Caution! Please note that not claiming CCA means you can avoid _CCA recapture_, not avoid the taxation of capital gains. Capital gains and capital cost allowance are two distinct concepts! Do not mix them up!


----------



## Eclectic12 (Oct 20, 2010)

I did start with talking about investigating *the election* and closed by questioning whether the election was possible after the fact. 
I would hope it was clear that I saw the exemption from capital gains tax on a rental condo as the result of the election.

It probably would have been clearer if I had included "you might be able to avoid the CG _by making an after the fact election._"

I was assuming that not following the requirements that result from the election (i.e. claiming CCA) would automatically rule out making the election.


I base the exemption on the link posted upthread which says:



> ... you can make an election not to be considered as having started to use your principal residence as a rental or business property ...
> While your election is in effect, you can designate the property as your principal residence for up to four years, even if you do not use your property as your principal residence.


So where the rental property has the proper election and is designated as a principal residence despite being a rental, there should be no capital gains tax to pay, n'est pas?

Or am I missing something?


Cheers


----------



## MoneyGal (Apr 24, 2009)

OK, I read your sentence out of context - apologies!

The OP has not provided enough information to know whether he/she can make a valid election or not.
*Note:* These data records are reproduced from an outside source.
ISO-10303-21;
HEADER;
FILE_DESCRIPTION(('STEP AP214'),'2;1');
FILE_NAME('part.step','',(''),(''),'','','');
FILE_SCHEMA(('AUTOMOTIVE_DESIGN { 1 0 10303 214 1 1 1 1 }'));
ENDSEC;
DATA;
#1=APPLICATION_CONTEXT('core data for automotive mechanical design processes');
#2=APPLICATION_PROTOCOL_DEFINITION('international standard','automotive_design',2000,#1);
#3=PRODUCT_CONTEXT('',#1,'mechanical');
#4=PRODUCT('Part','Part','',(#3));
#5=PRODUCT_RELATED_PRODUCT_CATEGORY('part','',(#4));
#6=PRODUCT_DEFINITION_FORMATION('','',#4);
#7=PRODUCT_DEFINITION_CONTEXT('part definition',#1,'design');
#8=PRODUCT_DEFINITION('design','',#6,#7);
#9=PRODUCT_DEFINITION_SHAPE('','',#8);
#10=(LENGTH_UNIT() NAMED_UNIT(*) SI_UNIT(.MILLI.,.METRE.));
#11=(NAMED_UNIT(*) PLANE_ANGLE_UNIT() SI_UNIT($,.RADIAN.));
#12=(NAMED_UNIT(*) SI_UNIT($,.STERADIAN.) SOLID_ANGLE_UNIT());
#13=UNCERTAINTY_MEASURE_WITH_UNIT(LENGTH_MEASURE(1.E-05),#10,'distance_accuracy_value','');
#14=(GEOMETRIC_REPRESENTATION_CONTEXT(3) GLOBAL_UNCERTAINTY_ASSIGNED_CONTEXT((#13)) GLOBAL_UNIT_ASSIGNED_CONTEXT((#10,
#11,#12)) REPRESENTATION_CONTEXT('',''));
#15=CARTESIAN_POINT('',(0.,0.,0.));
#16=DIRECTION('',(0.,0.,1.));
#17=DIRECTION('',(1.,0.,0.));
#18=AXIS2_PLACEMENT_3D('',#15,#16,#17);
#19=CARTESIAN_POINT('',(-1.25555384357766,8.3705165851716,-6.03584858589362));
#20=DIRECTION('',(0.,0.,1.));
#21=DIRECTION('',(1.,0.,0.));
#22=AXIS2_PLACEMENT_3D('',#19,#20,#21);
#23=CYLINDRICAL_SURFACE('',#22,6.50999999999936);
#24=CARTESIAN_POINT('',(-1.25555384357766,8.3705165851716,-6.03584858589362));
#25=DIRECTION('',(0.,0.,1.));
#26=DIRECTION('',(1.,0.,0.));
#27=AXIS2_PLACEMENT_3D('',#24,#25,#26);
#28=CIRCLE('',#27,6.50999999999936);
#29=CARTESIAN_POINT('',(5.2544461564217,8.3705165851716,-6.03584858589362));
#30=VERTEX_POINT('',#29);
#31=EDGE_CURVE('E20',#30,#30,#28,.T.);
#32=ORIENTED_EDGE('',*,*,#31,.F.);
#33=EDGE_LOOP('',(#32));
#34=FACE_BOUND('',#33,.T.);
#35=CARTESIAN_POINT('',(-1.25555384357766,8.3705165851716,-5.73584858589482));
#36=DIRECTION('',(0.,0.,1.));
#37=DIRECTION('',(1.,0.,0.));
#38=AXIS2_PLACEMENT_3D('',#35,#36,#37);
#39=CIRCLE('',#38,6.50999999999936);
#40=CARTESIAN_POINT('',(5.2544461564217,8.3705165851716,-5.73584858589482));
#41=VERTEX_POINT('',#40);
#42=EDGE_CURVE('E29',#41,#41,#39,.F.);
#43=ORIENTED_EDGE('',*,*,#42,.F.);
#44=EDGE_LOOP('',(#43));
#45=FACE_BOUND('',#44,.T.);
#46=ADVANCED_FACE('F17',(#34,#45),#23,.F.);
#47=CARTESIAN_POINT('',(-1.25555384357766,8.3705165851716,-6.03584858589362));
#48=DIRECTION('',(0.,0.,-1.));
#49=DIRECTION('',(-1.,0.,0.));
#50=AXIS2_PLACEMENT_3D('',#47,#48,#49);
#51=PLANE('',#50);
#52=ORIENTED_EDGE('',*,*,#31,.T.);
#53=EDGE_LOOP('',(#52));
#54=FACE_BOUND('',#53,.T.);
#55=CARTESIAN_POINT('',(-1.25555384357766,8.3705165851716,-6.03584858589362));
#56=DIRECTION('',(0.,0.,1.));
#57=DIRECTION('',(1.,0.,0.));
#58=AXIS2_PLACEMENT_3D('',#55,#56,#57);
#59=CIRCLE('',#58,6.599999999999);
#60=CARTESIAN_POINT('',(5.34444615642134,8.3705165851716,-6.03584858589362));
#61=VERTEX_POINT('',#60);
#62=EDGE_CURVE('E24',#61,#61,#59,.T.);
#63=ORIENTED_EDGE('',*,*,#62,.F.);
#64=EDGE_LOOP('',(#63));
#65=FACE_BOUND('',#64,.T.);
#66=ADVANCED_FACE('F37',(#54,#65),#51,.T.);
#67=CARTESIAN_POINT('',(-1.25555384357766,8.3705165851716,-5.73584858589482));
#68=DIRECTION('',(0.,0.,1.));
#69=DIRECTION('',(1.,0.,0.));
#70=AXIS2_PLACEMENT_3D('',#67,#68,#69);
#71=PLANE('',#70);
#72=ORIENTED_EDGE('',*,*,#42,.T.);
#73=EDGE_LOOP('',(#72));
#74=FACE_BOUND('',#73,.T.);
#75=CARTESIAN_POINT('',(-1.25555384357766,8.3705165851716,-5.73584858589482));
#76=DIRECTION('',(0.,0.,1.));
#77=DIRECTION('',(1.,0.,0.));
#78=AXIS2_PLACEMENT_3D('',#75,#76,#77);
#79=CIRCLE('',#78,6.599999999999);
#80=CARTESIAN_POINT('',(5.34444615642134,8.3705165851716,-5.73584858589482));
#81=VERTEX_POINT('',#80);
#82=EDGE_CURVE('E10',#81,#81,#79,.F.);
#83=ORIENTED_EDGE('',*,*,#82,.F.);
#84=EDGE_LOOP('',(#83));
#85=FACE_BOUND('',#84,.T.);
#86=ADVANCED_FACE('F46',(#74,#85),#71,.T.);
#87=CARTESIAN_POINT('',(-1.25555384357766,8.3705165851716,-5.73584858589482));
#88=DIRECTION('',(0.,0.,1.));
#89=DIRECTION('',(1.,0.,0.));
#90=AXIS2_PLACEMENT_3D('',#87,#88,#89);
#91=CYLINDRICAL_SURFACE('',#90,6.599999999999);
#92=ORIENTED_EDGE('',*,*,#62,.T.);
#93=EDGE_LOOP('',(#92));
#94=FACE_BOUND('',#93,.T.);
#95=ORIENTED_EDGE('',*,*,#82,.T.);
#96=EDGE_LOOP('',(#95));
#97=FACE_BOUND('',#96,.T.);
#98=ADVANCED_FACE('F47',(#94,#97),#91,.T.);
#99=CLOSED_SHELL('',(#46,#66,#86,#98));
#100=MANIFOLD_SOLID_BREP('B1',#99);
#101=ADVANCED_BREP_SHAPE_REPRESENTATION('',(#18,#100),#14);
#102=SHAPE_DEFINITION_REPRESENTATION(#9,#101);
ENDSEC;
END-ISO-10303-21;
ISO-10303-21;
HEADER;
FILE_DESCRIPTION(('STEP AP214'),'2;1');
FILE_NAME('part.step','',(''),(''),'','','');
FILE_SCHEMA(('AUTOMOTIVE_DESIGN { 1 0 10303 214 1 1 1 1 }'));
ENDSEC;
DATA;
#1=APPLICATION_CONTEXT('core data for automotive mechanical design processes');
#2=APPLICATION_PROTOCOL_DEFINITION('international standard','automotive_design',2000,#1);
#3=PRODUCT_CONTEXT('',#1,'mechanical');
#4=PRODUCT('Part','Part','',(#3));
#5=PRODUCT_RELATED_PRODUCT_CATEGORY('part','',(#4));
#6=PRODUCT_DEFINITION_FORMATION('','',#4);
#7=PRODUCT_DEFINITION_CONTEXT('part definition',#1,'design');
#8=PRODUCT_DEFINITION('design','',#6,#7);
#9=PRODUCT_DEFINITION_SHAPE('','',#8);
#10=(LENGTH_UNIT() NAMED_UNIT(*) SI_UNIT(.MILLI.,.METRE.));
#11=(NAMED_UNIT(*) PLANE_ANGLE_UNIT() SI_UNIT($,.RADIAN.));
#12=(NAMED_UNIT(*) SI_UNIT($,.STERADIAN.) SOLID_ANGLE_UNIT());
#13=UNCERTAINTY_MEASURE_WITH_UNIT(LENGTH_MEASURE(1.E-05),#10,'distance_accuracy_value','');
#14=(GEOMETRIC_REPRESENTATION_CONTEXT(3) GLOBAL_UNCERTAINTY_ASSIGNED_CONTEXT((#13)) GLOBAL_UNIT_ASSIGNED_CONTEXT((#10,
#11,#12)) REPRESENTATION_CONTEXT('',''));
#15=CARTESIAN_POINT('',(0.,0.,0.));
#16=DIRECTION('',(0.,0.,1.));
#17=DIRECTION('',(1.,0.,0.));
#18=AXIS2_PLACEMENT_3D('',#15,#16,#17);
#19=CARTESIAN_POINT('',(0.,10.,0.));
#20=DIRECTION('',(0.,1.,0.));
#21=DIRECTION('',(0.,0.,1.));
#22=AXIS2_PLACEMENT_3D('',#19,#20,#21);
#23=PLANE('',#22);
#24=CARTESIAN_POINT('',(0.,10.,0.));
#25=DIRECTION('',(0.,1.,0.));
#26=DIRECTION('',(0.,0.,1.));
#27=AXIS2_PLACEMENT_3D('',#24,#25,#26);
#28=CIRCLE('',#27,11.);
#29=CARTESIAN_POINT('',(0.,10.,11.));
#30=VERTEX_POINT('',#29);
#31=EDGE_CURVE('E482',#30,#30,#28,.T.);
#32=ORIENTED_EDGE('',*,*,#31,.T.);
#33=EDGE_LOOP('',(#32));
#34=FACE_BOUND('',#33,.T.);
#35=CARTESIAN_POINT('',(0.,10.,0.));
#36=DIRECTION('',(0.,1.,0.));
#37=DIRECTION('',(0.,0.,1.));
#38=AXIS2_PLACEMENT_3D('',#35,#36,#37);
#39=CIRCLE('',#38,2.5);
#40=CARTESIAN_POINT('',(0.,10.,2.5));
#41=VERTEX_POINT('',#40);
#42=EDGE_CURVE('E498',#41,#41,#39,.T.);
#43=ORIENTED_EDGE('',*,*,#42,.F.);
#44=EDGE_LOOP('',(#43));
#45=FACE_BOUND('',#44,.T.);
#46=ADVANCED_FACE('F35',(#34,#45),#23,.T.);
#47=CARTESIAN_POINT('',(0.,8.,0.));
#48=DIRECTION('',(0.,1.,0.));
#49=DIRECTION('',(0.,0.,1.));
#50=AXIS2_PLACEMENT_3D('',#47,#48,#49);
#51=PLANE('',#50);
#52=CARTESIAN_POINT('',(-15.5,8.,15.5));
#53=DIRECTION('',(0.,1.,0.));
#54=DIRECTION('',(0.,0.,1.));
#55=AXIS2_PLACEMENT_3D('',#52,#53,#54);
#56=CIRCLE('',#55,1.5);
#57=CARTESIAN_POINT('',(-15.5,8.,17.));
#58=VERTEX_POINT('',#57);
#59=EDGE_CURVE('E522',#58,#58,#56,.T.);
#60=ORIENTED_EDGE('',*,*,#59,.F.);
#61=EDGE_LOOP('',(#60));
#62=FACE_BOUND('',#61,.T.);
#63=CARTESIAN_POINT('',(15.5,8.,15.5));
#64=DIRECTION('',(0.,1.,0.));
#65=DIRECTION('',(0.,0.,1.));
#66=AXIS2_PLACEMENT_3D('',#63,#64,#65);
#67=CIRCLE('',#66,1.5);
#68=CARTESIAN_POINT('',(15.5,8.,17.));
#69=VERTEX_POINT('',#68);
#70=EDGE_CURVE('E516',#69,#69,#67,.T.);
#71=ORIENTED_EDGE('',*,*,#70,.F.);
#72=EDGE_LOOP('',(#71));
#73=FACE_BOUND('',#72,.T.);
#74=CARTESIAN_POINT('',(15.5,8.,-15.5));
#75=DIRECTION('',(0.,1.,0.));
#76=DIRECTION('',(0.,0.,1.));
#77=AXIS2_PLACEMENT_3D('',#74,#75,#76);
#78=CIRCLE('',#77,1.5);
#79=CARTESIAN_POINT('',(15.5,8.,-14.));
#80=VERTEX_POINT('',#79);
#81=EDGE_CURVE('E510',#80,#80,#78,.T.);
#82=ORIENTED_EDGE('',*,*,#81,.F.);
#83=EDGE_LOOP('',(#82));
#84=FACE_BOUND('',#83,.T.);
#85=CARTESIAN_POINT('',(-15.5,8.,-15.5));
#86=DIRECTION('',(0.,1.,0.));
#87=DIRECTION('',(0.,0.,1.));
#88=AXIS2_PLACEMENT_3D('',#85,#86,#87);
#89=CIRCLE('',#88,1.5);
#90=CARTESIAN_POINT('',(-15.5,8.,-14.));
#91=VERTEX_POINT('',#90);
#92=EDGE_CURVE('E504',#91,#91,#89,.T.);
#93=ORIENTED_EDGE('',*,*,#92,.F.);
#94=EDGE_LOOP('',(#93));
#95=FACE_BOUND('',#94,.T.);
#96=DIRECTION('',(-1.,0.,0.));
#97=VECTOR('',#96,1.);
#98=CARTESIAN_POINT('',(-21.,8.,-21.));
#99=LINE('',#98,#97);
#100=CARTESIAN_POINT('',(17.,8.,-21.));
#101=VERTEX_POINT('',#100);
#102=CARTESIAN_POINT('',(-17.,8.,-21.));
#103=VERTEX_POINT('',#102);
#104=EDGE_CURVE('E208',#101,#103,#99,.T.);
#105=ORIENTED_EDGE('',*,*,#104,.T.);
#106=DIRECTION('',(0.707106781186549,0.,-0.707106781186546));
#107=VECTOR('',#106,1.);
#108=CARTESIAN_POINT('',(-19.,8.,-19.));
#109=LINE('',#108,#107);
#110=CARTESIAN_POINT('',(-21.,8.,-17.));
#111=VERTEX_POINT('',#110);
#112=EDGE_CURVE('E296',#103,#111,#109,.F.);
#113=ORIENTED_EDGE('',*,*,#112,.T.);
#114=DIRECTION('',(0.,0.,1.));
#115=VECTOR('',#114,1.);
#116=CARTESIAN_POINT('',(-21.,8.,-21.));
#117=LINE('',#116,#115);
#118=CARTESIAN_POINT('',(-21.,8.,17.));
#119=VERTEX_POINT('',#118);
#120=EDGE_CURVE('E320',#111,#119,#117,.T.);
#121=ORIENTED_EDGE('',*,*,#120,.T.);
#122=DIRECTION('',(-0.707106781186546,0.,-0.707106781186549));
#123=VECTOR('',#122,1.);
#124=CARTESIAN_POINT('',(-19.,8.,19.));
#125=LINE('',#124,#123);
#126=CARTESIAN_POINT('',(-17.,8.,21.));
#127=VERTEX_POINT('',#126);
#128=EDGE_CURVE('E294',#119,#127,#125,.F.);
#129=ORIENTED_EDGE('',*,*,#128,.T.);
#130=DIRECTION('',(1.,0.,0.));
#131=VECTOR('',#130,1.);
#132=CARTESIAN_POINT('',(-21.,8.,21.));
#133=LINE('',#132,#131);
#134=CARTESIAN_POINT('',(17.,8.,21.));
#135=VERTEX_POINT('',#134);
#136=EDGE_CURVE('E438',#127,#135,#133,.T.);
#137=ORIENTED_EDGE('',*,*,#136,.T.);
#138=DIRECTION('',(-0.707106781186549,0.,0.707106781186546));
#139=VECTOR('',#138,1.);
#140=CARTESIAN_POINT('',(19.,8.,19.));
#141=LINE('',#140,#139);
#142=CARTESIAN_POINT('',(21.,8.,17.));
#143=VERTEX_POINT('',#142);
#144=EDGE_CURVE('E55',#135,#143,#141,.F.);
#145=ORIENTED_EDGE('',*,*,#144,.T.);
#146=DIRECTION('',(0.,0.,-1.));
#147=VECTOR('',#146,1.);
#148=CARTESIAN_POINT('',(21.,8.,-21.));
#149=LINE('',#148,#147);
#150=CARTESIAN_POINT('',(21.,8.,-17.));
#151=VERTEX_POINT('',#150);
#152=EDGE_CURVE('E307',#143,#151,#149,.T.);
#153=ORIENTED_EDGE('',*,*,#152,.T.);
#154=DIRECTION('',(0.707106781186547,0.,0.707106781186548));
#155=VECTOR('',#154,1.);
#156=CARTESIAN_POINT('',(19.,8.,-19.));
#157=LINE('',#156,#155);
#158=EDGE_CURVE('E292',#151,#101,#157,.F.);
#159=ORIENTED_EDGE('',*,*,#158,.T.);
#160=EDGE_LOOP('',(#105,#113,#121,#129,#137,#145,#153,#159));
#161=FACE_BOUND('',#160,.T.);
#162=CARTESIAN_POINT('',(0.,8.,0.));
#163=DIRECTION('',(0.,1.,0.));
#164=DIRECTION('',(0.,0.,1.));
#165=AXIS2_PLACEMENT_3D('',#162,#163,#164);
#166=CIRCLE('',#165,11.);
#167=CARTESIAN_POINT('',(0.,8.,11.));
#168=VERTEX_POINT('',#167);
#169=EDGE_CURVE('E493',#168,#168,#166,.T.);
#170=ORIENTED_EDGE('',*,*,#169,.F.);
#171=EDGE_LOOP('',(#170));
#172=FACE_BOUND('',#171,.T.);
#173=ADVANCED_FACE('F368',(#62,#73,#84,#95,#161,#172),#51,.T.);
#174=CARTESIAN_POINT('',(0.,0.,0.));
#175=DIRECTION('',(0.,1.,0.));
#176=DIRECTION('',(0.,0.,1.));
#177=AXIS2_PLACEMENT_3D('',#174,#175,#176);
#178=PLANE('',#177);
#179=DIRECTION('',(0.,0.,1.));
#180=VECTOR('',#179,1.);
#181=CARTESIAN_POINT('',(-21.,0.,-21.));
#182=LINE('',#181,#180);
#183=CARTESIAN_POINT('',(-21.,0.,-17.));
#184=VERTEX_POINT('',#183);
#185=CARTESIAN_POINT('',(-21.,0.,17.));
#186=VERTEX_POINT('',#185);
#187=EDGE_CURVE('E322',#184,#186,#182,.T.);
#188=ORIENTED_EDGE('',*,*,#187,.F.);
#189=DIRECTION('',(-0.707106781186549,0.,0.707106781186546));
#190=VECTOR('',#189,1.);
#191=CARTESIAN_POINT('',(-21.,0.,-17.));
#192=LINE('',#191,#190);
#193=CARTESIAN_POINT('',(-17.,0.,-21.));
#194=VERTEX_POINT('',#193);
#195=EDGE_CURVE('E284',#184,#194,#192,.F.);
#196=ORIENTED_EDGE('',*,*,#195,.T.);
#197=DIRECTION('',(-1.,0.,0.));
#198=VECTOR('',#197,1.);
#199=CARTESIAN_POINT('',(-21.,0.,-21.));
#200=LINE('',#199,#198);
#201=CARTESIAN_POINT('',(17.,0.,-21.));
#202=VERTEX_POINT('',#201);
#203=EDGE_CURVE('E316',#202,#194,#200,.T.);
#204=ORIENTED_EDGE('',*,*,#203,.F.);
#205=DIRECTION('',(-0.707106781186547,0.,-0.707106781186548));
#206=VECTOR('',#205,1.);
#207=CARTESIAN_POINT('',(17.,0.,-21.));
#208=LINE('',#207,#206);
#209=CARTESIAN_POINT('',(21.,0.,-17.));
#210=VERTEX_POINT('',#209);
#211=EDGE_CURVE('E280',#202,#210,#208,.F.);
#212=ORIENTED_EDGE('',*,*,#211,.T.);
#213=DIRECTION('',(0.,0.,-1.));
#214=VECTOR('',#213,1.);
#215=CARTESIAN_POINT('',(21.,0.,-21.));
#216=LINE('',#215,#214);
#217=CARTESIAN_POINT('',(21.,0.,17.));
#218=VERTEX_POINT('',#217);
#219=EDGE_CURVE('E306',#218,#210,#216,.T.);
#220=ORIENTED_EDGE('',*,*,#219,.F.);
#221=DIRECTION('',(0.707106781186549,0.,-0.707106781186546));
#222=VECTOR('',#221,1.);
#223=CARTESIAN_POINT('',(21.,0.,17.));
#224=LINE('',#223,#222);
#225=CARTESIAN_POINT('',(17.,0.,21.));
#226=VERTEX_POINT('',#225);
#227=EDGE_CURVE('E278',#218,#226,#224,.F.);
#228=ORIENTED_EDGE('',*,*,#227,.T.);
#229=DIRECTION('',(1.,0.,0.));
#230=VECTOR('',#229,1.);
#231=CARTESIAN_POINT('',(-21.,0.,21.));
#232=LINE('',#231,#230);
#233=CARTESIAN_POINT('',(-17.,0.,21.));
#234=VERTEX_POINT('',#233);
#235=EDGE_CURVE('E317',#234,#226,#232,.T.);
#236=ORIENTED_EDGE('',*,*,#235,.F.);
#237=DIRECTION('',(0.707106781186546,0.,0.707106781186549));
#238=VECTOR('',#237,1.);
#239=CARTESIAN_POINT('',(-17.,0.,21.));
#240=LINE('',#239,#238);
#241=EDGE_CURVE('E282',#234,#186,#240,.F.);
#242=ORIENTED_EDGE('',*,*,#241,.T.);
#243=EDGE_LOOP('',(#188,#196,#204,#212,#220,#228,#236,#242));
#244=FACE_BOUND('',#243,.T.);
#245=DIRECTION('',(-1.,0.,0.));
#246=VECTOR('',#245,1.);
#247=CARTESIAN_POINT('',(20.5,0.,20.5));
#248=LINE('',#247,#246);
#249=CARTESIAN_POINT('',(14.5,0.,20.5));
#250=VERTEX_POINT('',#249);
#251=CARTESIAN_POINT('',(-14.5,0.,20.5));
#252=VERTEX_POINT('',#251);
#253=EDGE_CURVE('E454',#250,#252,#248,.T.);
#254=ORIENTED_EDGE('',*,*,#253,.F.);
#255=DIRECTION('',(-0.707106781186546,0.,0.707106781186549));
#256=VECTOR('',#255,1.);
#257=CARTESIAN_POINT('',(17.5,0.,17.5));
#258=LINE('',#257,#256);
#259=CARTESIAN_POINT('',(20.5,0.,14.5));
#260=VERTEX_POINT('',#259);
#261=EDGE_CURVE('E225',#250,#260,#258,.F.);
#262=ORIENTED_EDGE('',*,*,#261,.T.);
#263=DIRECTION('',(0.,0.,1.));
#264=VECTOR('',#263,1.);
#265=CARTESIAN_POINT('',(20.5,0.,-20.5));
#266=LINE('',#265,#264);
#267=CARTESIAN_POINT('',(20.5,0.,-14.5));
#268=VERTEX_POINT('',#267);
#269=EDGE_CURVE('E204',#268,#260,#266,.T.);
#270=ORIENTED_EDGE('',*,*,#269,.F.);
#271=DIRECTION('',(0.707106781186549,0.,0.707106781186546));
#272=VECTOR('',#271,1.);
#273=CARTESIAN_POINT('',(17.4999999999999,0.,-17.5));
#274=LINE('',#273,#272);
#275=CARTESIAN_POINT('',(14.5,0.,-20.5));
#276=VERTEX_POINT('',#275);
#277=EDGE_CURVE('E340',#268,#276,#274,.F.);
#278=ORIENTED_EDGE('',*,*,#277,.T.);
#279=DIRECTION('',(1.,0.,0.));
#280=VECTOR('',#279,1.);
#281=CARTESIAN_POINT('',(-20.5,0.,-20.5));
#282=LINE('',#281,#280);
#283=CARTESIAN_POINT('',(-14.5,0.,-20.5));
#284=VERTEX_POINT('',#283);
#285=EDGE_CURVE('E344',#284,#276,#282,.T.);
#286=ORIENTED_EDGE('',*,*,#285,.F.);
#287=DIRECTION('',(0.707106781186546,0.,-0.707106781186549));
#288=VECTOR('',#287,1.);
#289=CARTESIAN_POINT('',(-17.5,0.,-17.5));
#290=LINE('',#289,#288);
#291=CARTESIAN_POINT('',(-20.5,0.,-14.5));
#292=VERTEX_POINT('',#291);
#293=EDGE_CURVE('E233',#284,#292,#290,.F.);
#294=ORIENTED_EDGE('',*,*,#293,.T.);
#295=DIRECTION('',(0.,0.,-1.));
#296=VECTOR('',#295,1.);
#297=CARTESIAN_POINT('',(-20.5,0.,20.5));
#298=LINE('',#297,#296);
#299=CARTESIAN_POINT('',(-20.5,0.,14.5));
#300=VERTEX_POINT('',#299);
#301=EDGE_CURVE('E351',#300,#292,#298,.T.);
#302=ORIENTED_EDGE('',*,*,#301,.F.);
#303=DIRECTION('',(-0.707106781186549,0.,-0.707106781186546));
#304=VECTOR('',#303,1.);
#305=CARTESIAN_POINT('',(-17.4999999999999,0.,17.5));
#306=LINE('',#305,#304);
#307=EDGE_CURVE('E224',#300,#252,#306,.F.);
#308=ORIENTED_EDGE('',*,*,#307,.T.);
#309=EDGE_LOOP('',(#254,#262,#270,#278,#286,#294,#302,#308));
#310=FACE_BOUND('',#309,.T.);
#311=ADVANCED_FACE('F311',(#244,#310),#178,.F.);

It will depend in part on whether the OP had another house occupied as a PR during the period in which the condo was rented.


----------



## Eclectic12 (Oct 20, 2010)

No worries ... I could have been a lot clearer.

As for a valid election - the first concern I have is how lenient CRA would be about doing it after the fact. Having another PR would also be another action that would likely invalidate an attempt to provide the election.


However - if the OP can ask the accountant, it may well end up being worth the time.


Cheers


----------